-- TASK ITEM --
Only one stretch of the records below is wanted: the lines from the one holding "#118=ORIENTED_EDGE('',*,*,#117,.T.);" through the one holding "#149=EDGE_CURVE('E267',#146,#148,#144,.T.);". Return it exactly, both ends included.

EXCERPTED RECORDS Block Start

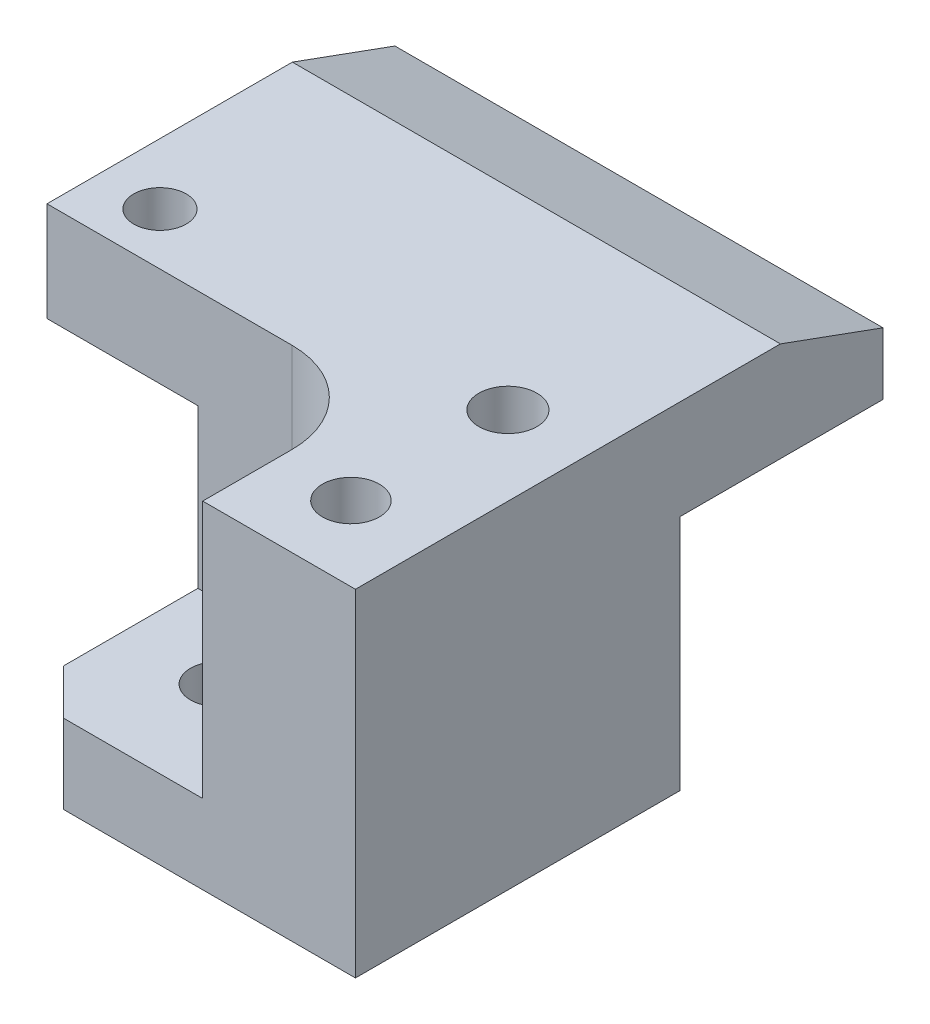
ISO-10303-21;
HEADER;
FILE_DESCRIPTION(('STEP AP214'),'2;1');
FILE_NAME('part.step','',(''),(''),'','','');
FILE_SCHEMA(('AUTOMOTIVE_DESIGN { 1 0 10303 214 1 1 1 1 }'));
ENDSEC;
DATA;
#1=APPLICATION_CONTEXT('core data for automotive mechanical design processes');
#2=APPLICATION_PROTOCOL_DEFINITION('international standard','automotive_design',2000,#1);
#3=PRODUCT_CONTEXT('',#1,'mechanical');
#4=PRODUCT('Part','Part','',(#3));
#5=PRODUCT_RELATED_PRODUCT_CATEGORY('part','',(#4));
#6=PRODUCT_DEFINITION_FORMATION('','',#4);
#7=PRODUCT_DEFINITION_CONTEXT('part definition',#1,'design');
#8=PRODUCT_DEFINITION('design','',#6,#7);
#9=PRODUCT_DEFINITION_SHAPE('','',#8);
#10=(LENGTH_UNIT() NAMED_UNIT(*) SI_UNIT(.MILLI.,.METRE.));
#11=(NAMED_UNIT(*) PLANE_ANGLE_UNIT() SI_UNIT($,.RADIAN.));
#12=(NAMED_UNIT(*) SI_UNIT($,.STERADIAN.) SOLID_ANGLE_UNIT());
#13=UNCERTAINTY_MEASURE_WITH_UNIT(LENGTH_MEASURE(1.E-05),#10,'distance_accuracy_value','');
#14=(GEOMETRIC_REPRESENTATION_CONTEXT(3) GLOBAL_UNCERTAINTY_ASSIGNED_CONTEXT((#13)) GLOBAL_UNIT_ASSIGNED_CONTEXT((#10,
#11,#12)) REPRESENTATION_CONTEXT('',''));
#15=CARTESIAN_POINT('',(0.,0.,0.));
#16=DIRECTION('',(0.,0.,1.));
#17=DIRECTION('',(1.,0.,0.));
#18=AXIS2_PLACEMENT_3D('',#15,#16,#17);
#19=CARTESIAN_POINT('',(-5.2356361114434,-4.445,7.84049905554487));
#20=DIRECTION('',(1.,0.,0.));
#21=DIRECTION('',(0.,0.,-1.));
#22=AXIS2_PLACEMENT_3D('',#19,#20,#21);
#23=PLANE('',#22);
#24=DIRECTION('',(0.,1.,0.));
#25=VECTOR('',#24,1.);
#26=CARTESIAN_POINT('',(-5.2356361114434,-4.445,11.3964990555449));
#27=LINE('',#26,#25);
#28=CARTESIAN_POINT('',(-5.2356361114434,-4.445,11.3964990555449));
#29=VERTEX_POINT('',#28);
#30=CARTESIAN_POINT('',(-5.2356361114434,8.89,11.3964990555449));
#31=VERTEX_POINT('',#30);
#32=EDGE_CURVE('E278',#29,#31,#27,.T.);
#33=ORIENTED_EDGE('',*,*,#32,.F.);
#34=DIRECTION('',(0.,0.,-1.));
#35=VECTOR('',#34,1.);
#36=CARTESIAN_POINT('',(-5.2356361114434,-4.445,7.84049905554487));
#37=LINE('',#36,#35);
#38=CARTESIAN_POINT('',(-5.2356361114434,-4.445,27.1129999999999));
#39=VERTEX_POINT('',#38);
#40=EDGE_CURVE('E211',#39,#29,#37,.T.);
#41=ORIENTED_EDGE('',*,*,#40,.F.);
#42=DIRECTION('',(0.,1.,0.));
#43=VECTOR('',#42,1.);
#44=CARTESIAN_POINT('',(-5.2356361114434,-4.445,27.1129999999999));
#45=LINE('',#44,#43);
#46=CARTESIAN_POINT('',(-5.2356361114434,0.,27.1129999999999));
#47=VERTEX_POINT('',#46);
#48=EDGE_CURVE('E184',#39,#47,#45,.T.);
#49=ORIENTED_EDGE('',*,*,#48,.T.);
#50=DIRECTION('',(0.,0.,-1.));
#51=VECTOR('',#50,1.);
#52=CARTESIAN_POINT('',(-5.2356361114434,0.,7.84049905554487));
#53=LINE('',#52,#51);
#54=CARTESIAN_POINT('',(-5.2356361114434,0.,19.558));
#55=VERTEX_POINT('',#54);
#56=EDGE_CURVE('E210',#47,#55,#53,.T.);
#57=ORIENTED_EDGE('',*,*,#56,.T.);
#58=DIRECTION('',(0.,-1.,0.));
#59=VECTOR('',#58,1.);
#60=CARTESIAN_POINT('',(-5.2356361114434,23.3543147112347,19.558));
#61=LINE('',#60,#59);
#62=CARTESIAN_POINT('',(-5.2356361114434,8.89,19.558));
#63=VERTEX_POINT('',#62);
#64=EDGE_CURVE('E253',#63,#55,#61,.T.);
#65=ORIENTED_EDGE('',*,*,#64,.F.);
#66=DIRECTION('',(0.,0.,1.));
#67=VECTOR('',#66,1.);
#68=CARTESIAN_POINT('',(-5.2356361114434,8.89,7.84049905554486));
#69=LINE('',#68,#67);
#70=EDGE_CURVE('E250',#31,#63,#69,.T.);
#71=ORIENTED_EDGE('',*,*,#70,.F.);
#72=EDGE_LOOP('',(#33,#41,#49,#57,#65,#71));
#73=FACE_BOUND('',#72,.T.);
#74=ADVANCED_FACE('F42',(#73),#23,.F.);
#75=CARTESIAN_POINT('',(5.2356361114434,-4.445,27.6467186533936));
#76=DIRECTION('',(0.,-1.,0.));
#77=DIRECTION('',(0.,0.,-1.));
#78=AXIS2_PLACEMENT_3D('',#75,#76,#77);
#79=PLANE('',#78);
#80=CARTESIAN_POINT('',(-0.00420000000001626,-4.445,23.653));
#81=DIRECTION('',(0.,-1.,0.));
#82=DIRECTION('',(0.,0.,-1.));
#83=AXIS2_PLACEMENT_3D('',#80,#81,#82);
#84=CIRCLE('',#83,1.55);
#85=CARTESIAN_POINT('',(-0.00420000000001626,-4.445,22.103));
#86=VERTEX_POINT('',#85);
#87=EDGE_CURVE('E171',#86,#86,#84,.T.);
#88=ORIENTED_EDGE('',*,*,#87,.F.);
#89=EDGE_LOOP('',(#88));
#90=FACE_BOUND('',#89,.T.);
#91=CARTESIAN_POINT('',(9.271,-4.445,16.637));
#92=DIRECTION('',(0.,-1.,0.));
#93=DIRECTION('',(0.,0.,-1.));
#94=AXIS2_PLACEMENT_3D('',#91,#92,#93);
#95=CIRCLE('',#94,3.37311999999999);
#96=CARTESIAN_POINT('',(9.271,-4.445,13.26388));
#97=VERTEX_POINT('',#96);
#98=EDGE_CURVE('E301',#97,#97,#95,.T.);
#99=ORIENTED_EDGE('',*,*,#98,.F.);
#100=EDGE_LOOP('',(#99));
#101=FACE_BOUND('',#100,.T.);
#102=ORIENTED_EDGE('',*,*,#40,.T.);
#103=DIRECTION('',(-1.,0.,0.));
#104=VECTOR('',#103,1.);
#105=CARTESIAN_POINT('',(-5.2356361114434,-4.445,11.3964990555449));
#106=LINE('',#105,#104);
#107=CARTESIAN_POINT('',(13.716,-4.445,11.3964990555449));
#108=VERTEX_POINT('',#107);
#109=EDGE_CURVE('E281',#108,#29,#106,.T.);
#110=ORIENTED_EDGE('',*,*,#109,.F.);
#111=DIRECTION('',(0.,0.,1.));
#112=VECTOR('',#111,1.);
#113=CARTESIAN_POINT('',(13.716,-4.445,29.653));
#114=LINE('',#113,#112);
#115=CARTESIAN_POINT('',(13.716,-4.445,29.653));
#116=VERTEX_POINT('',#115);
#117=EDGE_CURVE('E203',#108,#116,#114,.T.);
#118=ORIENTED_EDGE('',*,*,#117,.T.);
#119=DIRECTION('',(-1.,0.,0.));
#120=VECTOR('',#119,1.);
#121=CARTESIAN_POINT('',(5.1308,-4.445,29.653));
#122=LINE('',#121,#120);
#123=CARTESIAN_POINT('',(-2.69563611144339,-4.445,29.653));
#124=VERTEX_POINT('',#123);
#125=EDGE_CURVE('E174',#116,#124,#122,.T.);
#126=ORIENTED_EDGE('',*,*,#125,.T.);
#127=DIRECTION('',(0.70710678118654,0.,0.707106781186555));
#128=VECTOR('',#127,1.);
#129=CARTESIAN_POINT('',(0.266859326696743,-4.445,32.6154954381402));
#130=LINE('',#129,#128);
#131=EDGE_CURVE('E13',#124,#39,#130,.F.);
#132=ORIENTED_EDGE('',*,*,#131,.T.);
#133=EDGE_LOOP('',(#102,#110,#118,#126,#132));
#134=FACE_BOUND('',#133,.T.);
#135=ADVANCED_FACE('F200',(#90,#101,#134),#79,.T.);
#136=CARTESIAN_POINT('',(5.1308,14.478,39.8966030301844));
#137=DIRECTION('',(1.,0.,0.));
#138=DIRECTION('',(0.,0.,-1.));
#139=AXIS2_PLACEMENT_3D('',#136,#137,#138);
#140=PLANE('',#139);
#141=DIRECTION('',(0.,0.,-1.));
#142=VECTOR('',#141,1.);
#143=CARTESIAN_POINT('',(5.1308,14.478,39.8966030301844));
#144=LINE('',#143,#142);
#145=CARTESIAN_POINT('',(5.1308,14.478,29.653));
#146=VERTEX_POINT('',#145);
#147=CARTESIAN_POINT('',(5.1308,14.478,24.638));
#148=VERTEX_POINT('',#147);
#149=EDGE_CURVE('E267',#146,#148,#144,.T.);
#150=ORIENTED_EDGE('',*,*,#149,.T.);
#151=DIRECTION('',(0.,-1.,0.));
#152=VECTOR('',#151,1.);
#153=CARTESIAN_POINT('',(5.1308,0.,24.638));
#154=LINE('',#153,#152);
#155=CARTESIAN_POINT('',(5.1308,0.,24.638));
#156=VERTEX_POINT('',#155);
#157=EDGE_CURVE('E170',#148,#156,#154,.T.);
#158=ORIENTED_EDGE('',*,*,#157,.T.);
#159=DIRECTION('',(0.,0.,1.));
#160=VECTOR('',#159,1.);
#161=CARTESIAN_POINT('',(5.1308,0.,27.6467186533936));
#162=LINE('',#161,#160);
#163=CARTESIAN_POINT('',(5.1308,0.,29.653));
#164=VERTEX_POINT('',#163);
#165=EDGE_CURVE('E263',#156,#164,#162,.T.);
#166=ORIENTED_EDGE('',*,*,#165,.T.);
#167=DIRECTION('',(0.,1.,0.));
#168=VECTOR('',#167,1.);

EXCERPTED RECORDS Block End

-- WRITTEN SOLUTION --
#118=ORIENTED_EDGE('',*,*,#117,.T.);
#119=DIRECTION('',(-1.,0.,0.));
#120=VECTOR('',#119,1.);
#121=CARTESIAN_POINT('',(5.1308,-4.445,29.653));
#122=LINE('',#121,#120);
#123=CARTESIAN_POINT('',(-2.69563611144339,-4.445,29.653));
#124=VERTEX_POINT('',#123);
#125=EDGE_CURVE('E174',#116,#124,#122,.T.);
#126=ORIENTED_EDGE('',*,*,#125,.T.);
#127=DIRECTION('',(0.70710678118654,0.,0.707106781186555));
#128=VECTOR('',#127,1.);
#129=CARTESIAN_POINT('',(0.266859326696743,-4.445,32.6154954381402));
#130=LINE('',#129,#128);
#131=EDGE_CURVE('E13',#124,#39,#130,.F.);
#132=ORIENTED_EDGE('',*,*,#131,.T.);
#133=EDGE_LOOP('',(#102,#110,#118,#126,#132));
#134=FACE_BOUND('',#133,.T.);
#135=ADVANCED_FACE('F200',(#90,#101,#134),#79,.T.);
#136=CARTESIAN_POINT('',(5.1308,14.478,39.8966030301844));
#137=DIRECTION('',(1.,0.,0.));
#138=DIRECTION('',(0.,0.,-1.));
#139=AXIS2_PLACEMENT_3D('',#136,#137,#138);
#140=PLANE('',#139);
#141=DIRECTION('',(0.,0.,-1.));
#142=VECTOR('',#141,1.);
#143=CARTESIAN_POINT('',(5.1308,14.478,39.8966030301844));
#144=LINE('',#143,#142);
#145=CARTESIAN_POINT('',(5.1308,14.478,29.653));
#146=VERTEX_POINT('',#145);
#147=CARTESIAN_POINT('',(5.1308,14.478,24.638));
#148=VERTEX_POINT('',#147);
#149=EDGE_CURVE('E267',#146,#148,#144,.T.);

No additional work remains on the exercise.